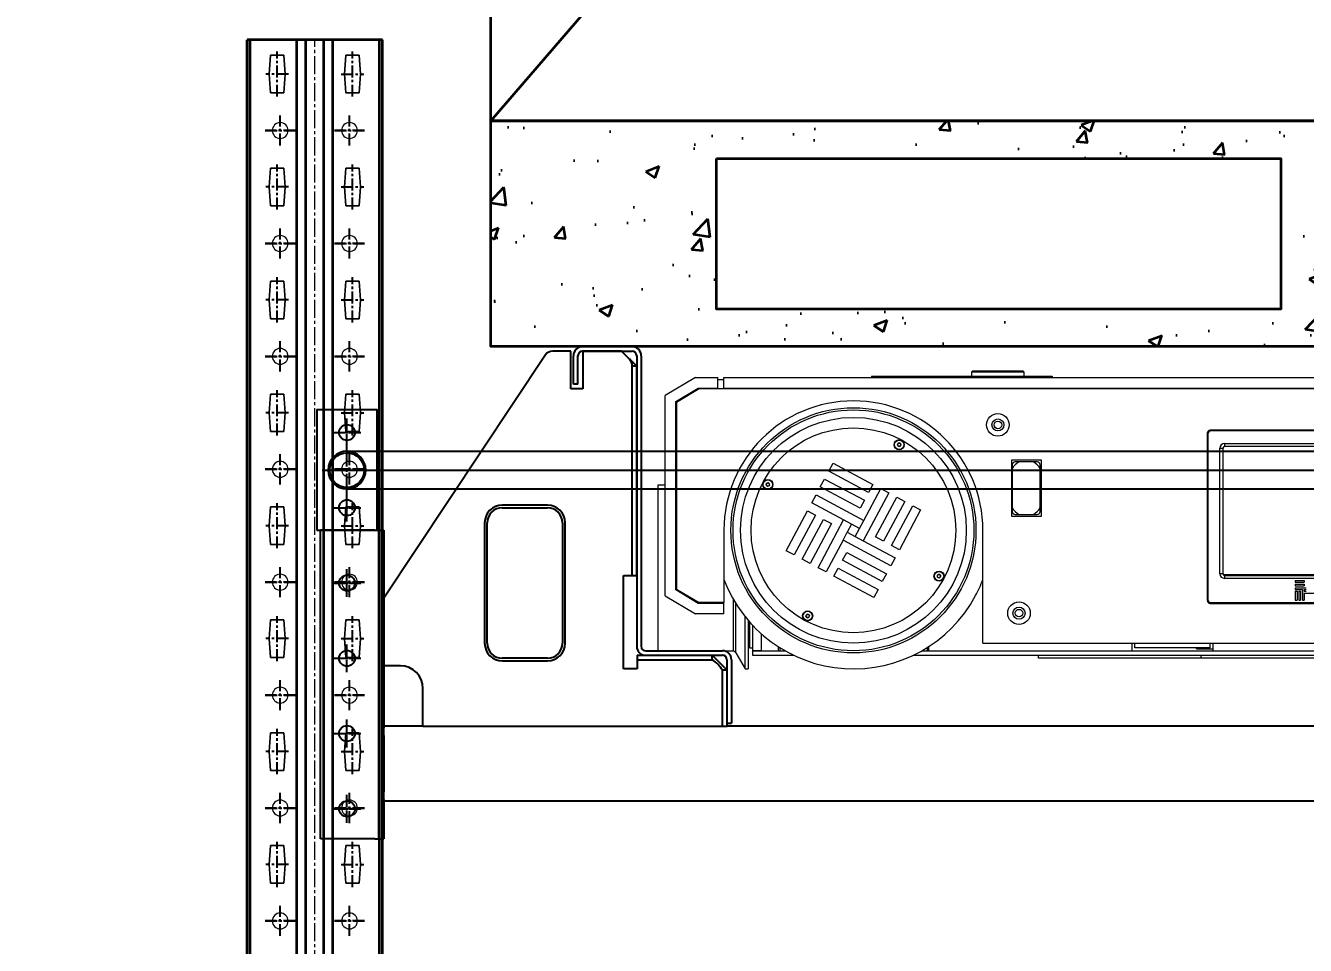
# Model space of a CAD drawing. Header units: millimetres. Extents: x 2509 to 128734, y 2492 to 91667.
# Drawn here: x 111457 to 112307, y 44448 to 45059 of the extents above; entities that cross this region are included whole.
import ezdxf

# ---------------------------------------------------------------- set-up
doc = ezdxf.new("R2010")
doc.units = ezdxf.units.MM
doc.linetypes.add('CENTER', pattern=[50.8, 31.75, -6.35, 6.35, -6.35])
doc.linetypes.add('点画线', pattern=[18, 12, -2, 2, -2])
for name, color, linetype, lineweight in [('SR-货架', 7, 'Continuous', 35), ('SR-货物', 7, 'Continuous', 35), ('中心线层', 1, '点画线', 18), ('粗实线1', 3, 'Continuous', 35), ('细实线', 4, 'Continuous', 18)]:
    doc.layers.add(name, color=color, linetype=linetype, lineweight=lineweight)
doc.layers.add('SSH_货架系统', color=7, linetype='Continuous')
doc.layers.add('中心线', color=1, linetype='CENTER')
doc.styles.add('DIM_FONT', font='SIMPLEX.shx', dxfattribs={"width": 0.8})
doc.dimstyles.new('DIMN25', dxfattribs={"dimscale": 0.25, "dimtxt": 300, "dimasz": 100, "dimexe": 250, "dimexo": 300, "dimgap": 150, "dimtad": 1, "dimdec": 0, "dimzin": 0, "dimdsep": 46, "dimtxsty": 'DIM_FONT', "dimblk": 'ARCHTICK', "dimcen": 0.09, "dimclrt": 7, "dimazin": 2, "dimtfac": 1, "dimtdec": 0, "dimtix": 1, "dimtmove": 2, "dimatfit": 3, "dimfxl": 1, "dimtolj": 1, "dimtzin": 0, "dimarcsym": 0})

# ---------------------------------------------------------------- blocks, each defined once
blk = doc.blocks.new('A$C1E2A5594')
at = {"layer": '中心线', "ltscale": 0.25}
for p, q in [((10, 0), (10, 20)), ((20, 10), (0, 10))]:
    blk.add_line(p, q, dxfattribs=at)
blk = doc.blocks.new('*U264')
at = {"layer": '中心线', "ltscale": 0.25}
for p, q in [((5937763.44, -1004370.08), (5937763.44, -1004340.08)), ((5937763.44, -1004370.08), (5937763.44, -1004340.08)), ((5937813.44, -1004370.08), (5937813.44, -1004340.08)), ((5937813.44, -1004370.08), (5937813.44, -1004340.08)), ((5937770.94, -1004355.08), (5937755.94, -1004355.08)), ((5937770.94, -1004355.08), (5937755.94, -1004355.08)), ((5937805.94, -1004355.08), (5937820.94, -1004355.08)), ((5937805.94, -1004355.08), (5937820.94, -1004355.08)), ((5937763.44, -1004445.08), (5937763.44, -1004415.08)), ((5937763.44, -1004445.08), (5937763.44, -1004415.08)), ((5937813.44, -1004445.08), (5937813.44, -1004415.08)), ((5937813.44, -1004445.08), (5937813.44, -1004415.08)), ((5937770.94, -1004430.08), (5937755.94, -1004430.08)), ((5937770.94, -1004430.08), (5937755.94, -1004430.08)), ((5937805.94, -1004430.08), (5937820.94, -1004430.08)), ((5937805.94, -1004430.08), (5937820.94, -1004430.08)), ((5937763.44, -1004520.08), (5937763.44, -1004490.08)), ((5937763.44, -1004520.08), (5937763.44, -1004490.08)), ((5937813.44, -1004520.08), (5937813.44, -1004490.08)), ((5937813.44, -1004520.08), (5937813.44, -1004490.08)), ((5937770.94, -1004505.08), (5937755.94, -1004505.08)), ((5937770.94, -1004505.08), (5937755.94, -1004505.08)), ((5937805.94, -1004505.08), (5937820.94, -1004505.08)), ((5937805.94, -1004505.08), (5937820.94, -1004505.08)), ((5937763.44, -1004595.08), (5937763.44, -1004565.08)), ((5937763.44, -1004595.08), (5937763.44, -1004565.08)), ((5937813.44, -1004595.08), (5937813.44, -1004565.08)), ((5937813.44, -1004595.08), (5937813.44, -1004565.08)), ((5937770.94, -1004580.08), (5937755.94, -1004580.08)), ((5937770.94, -1004580.08), (5937755.94, -1004580.08)), ((5937805.94, -1004580.08), (5937820.94, -1004580.08)), ((5937805.94, -1004580.08), (5937820.94, -1004580.08)), ((5937763.44, -1004670.08), (5937763.44, -1004640.08)), ((5937763.44, -1004670.08), (5937763.44, -1004640.08)), ((5937813.44, -1004670.08), (5937813.44, -1004640.08)), ((5937813.44, -1004670.08), (5937813.44, -1004640.08)), ((5937770.94, -1004655.08), (5937755.94, -1004655.08)), ((5937770.94, -1004655.08), (5937755.94, -1004655.08)), ((5937805.94, -1004655.08), (5937820.94, -1004655.08)), ((5937805.94, -1004655.08), (5937820.94, -1004655.08)), ((5937763.44, -1004745.08), (5937763.44, -1004715.08)), ((5937763.44, -1004745.08), (5937763.44, -1004715.08)), ((5937813.44, -1004745.08), (5937813.44, -1004715.08)), ((5937813.44, -1004745.08), (5937813.44, -1004715.08)), ((5937770.94, -1004730.08), (5937755.94, -1004730.08)), ((5937770.94, -1004730.08), (5937755.94, -1004730.08)), ((5937805.94, -1004730.08), (5937820.94, -1004730.08)), ((5937805.94, -1004730.08), (5937820.94, -1004730.08)), ((5937763.44, -1004820.08), (5937763.44, -1004790.08)), ((5937763.44, -1004820.08), (5937763.44, -1004790.08)), ((5937813.44, -1004820.08), (5937813.44, -1004790.08)), ((5937813.44, -1004820.08), (5937813.44, -1004790.08)), ((5937770.94, -1004805.08), (5937755.94, -1004805.08)), ((5937770.94, -1004805.08), (5937755.94, -1004805.08)), ((5937805.94, -1004805.08), (5937820.94, -1004805.08)), ((5937805.94, -1004805.08), (5937820.94, -1004805.08)), ((5937763.44, -1004895.08), (5937763.44, -1004865.08)), ((5937763.44, -1004895.08), (5937763.44, -1004865.08)), ((5937813.44, -1004895.08), (5937813.44, -1004865.08)), ((5937813.44, -1004895.08), (5937813.44, -1004865.08)), ((5937770.94, -1004880.08), (5937755.94, -1004880.08)), ((5937770.94, -1004880.08), (5937755.94, -1004880.08)), ((5937805.94, -1004880.08), (5937820.94, -1004880.08)), ((5937805.94, -1004880.08), (5937820.94, -1004880.08))]:
    blk.add_line(p, q, dxfattribs=at)
at = {"layer": '中心线层'}
blk.add_line((5937788.44, -1009107.08), (5937788.44, -1004332.28), dxfattribs=at)
at = {"layer": '粗实线1'}
for p, q in [((5937743.44, -1008982.58), (5937743.44, -1004332.28)), ((5937743.44, -1004332.28), (5937833.44, -1004332.28)), ((5937745.44, -1008982.58), (5937745.44, -1004332.28)), ((5937776.44, -1008982.58), (5937776.44, -1004332.28)), ((5937776.44, -1008982.58), (5937776.44, -1004332.28)), ((5937782.44, -1008982.58), (5937782.44, -1004332.28)), ((5937782.44, -1008982.58), (5937782.44, -1004332.28)), ((5937794.44, -1008982.58), (5937794.44, -1004332.28)), ((5937794.44, -1008982.58), (5937794.44, -1004332.28)), ((5937800.44, -1008982.58), (5937800.44, -1004332.28)), ((5937800.44, -1008982.58), (5937800.44, -1004332.28)), ((5937831.44, -1008982.58), (5937831.44, -1004332.28)), ((5937833.44, -1008982.58), (5937833.44, -1004332.28))]:
    blk.add_line(p, q, dxfattribs=at)
at = {"layer": '细实线', "linetype": 'Continuous', "lineweight": 0}
for p, q in [((5937758.94, -1004342.58), (5937758.19, -1004355.08)), ((5937758.19, -1004355.08), (5937758.94, -1004342.58)), ((5937758.94, -1004342.58), (5937767.94, -1004342.58)), ((5937767.94, -1004342.58), (5937758.94, -1004342.58)), ((5937768.69, -1004355.08), (5937767.94, -1004342.58)), ((5937767.94, -1004342.58), (5937768.69, -1004355.08)), ((5937808.94, -1004342.58), (5937808.19, -1004355.08)), ((5937808.19, -1004355.08), (5937808.94, -1004342.58)), ((5937808.94, -1004342.58), (5937817.94, -1004342.58)), ((5937817.94, -1004342.58), (5937808.94, -1004342.58)), ((5937818.69, -1004355.08), (5937817.94, -1004342.58)), ((5937817.94, -1004342.58), (5937818.69, -1004355.08)), ((5937758.19, -1004355.08), (5937758.94, -1004367.58)), ((5937758.94, -1004367.58), (5937758.19, -1004355.08)), ((5937767.94, -1004367.58), (5937768.69, -1004355.08)), ((5937768.69, -1004355.08), (5937767.94, -1004367.58)), ((5937808.19, -1004355.08), (5937808.94, -1004367.58)), ((5937808.94, -1004367.58), (5937808.19, -1004355.08)), ((5937817.94, -1004367.58), (5937818.69, -1004355.08)), ((5937818.69, -1004355.08), (5937817.94, -1004367.58)), ((5937758.94, -1004367.58), (5937767.94, -1004367.58)), ((5937767.94, -1004367.58), (5937758.94, -1004367.58)), ((5937808.94, -1004367.58), (5937817.94, -1004367.58)), ((5937817.94, -1004367.58), (5937808.94, -1004367.58)), ((5937758.94, -1004417.58), (5937758.19, -1004430.08)), ((5937758.19, -1004430.08), (5937758.94, -1004417.58)), ((5937758.94, -1004417.58), (5937767.94, -1004417.58)), ((5937767.94, -1004417.58), (5937758.94, -1004417.58)), ((5937768.69, -1004430.08), (5937767.94, -1004417.58)), ((5937767.94, -1004417.58), (5937768.69, -1004430.08)), ((5937808.94, -1004417.58), (5937808.19, -1004430.08)), ((5937808.19, -1004430.08), (5937808.94, -1004417.58)), ((5937808.94, -1004417.58), (5937817.94, -1004417.58)), ((5937817.94, -1004417.58), (5937808.94, -1004417.58)), ((5937818.69, -1004430.08), (5937817.94, -1004417.58)), ((5937817.94, -1004417.58), (5937818.69, -1004430.08)), ((5937758.19, -1004430.08), (5937758.94, -1004442.58)), ((5937758.94, -1004442.58), (5937758.19, -1004430.08)), ((5937767.94, -1004442.58), (5937768.69, -1004430.08)), ((5937768.69, -1004430.08), (5937767.94, -1004442.58)), ((5937808.19, -1004430.08), (5937808.94, -1004442.58)), ((5937808.94, -1004442.58), (5937808.19, -1004430.08)), ((5937817.94, -1004442.58), (5937818.69, -1004430.08)), ((5937818.69, -1004430.08), (5937817.94, -1004442.58)), ((5937758.94, -1004442.58), (5937767.94, -1004442.58)), ((5937767.94, -1004442.58), (5937758.94, -1004442.58)), ((5937808.94, -1004442.58), (5937817.94, -1004442.58)), ((5937817.94, -1004442.58), (5937808.94, -1004442.58)), ((5937758.94, -1004492.58), (5937758.19, -1004505.08)), ((5937758.19, -1004505.08), (5937758.94, -1004492.58)), ((5937758.94, -1004492.58), (5937767.94, -1004492.58)), ((5937767.94, -1004492.58), (5937758.94, -1004492.58)), ((5937768.69, -1004505.08), (5937767.94, -1004492.58)), ((5937767.94, -1004492.58), (5937768.69, -1004505.08)), ((5937808.94, -1004492.58), (5937808.19, -1004505.08)), ((5937808.19, -1004505.08), (5937808.94, -1004492.58)), ((5937808.94, -1004492.58), (5937817.94, -1004492.58)), ((5937817.94, -1004492.58), (5937808.94, -1004492.58)), ((5937818.69, -1004505.08), (5937817.94, -1004492.58)), ((5937817.94, -1004492.58), (5937818.69, -1004505.08)), ((5937758.19, -1004505.08), (5937758.94, -1004517.58)), ((5937758.94, -1004517.58), (5937758.19, -1004505.08)), ((5937767.94, -1004517.58), (5937768.69, -1004505.08)), ((5937768.69, -1004505.08), (5937767.94, -1004517.58)), ((5937808.19, -1004505.08), (5937808.94, -1004517.58)), ((5937808.94, -1004517.58), (5937808.19, -1004505.08)), ((5937817.94, -1004517.58), (5937818.69, -1004505.08)), ((5937818.69, -1004505.08), (5937817.94, -1004517.58)), ((5937758.94, -1004517.58), (5937767.94, -1004517.58)), ((5937767.94, -1004517.58), (5937758.94, -1004517.58)), ((5937808.94, -1004517.58), (5937817.94, -1004517.58)), ((5937817.94, -1004517.58), (5937808.94, -1004517.58)), ((5937758.94, -1004567.58), (5937758.19, -1004580.08)), ((5937758.19, -1004580.08), (5937758.94, -1004567.58)), ((5937758.94, -1004567.58), (5937767.94, -1004567.58)), ((5937767.94, -1004567.58), (5937758.94, -1004567.58)), ((5937768.69, -1004580.08), (5937767.94, -1004567.58)), ((5937767.94, -1004567.58), (5937768.69, -1004580.08)), ((5937808.94, -1004567.58), (5937808.19, -1004580.08)), ((5937808.19, -1004580.08), (5937808.94, -1004567.58)), ((5937808.94, -1004567.58), (5937817.94, -1004567.58)), ((5937817.94, -1004567.58), (5937808.94, -1004567.58)), ((5937818.69, -1004580.08), (5937817.94, -1004567.58)), ((5937817.94, -1004567.58), (5937818.69, -1004580.08)), ((5937758.19, -1004580.08), (5937758.94, -1004592.58)), ((5937758.94, -1004592.58), (5937758.19, -1004580.08)), ((5937767.94, -1004592.58), (5937768.69, -1004580.08)), ((5937768.69, -1004580.08), (5937767.94, -1004592.58)), ((5937808.19, -1004580.08), (5937808.94, -1004592.58)), ((5937808.94, -1004592.58), (5937808.19, -1004580.08)), ((5937817.94, -1004592.58), (5937818.69, -1004580.08)), ((5937818.69, -1004580.08), (5937817.94, -1004592.58)), ((5937758.94, -1004592.58), (5937767.94, -1004592.58)), ((5937767.94, -1004592.58), (5937758.94, -1004592.58)), ((5937808.94, -1004592.58), (5937817.94, -1004592.58)), ((5937817.94, -1004592.58), (5937808.94, -1004592.58)), ((5937758.94, -1004642.58), (5937758.19, -1004655.08)), ((5937758.19, -1004655.08), (5937758.94, -1004642.58)), ((5937758.94, -1004642.58), (5937767.94, -1004642.58)), ((5937767.94, -1004642.58), (5937758.94, -1004642.58)), ((5937768.69, -1004655.08), (5937767.94, -1004642.58)), ((5937767.94, -1004642.58), (5937768.69, -1004655.08)), ((5937808.94, -1004642.58), (5937808.19, -1004655.08)), ((5937808.19, -1004655.08), (5937808.94, -1004642.58)), ((5937808.94, -1004642.58), (5937817.94, -1004642.58)), ((5937817.94, -1004642.58), (5937808.94, -1004642.58)), ((5937818.69, -1004655.08), (5937817.94, -1004642.58)), ((5937817.94, -1004642.58), (5937818.69, -1004655.08)), ((5937758.19, -1004655.08), (5937758.94, -1004667.58)), ((5937758.94, -1004667.58), (5937758.19, -1004655.08)), ((5937767.94, -1004667.58), (5937768.69, -1004655.08)), ((5937768.69, -1004655.08), (5937767.94, -1004667.58)), ((5937808.19, -1004655.08), (5937808.94, -1004667.58)), ((5937808.94, -1004667.58), (5937808.19, -1004655.08)), ((5937817.94, -1004667.58), (5937818.69, -1004655.08)), ((5937818.69, -1004655.08), (5937817.94, -1004667.58)), ((5937758.94, -1004667.58), (5937767.94, -1004667.58)), ((5937767.94, -1004667.58), (5937758.94, -1004667.58)), ((5937808.94, -1004667.58), (5937817.94, -1004667.58)), ((5937817.94, -1004667.58), (5937808.94, -1004667.58)), ((5937758.94, -1004717.58), (5937758.19, -1004730.08)), ((5937758.19, -1004730.08), (5937758.94, -1004717.58)), ((5937758.94, -1004717.58), (5937767.94, -1004717.58)), ((5937767.94, -1004717.58), (5937758.94, -1004717.58)), ((5937768.69, -1004730.08), (5937767.94, -1004717.58)), ((5937767.94, -1004717.58), (5937768.69, -1004730.08)), ((5937808.94, -1004717.58), (5937808.19, -1004730.08)), ((5937808.19, -1004730.08), (5937808.94, -1004717.58)), ((5937808.94, -1004717.58), (5937817.94, -1004717.58)), ((5937817.94, -1004717.58), (5937808.94, -1004717.58)), ((5937818.69, -1004730.08), (5937817.94, -1004717.58)), ((5937817.94, -1004717.58), (5937818.69, -1004730.08)), ((5937758.19, -1004730.08), (5937758.94, -1004742.58)), ((5937758.94, -1004742.58), (5937758.19, -1004730.08)), ((5937767.94, -1004742.58), (5937768.69, -1004730.08)), ((5937768.69, -1004730.08), (5937767.94, -1004742.58)), ((5937808.19, -1004730.08), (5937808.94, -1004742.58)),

→ **What is expected**
Report the number of lines in the records that hold "color" and write no other words.

→ **Written response**
4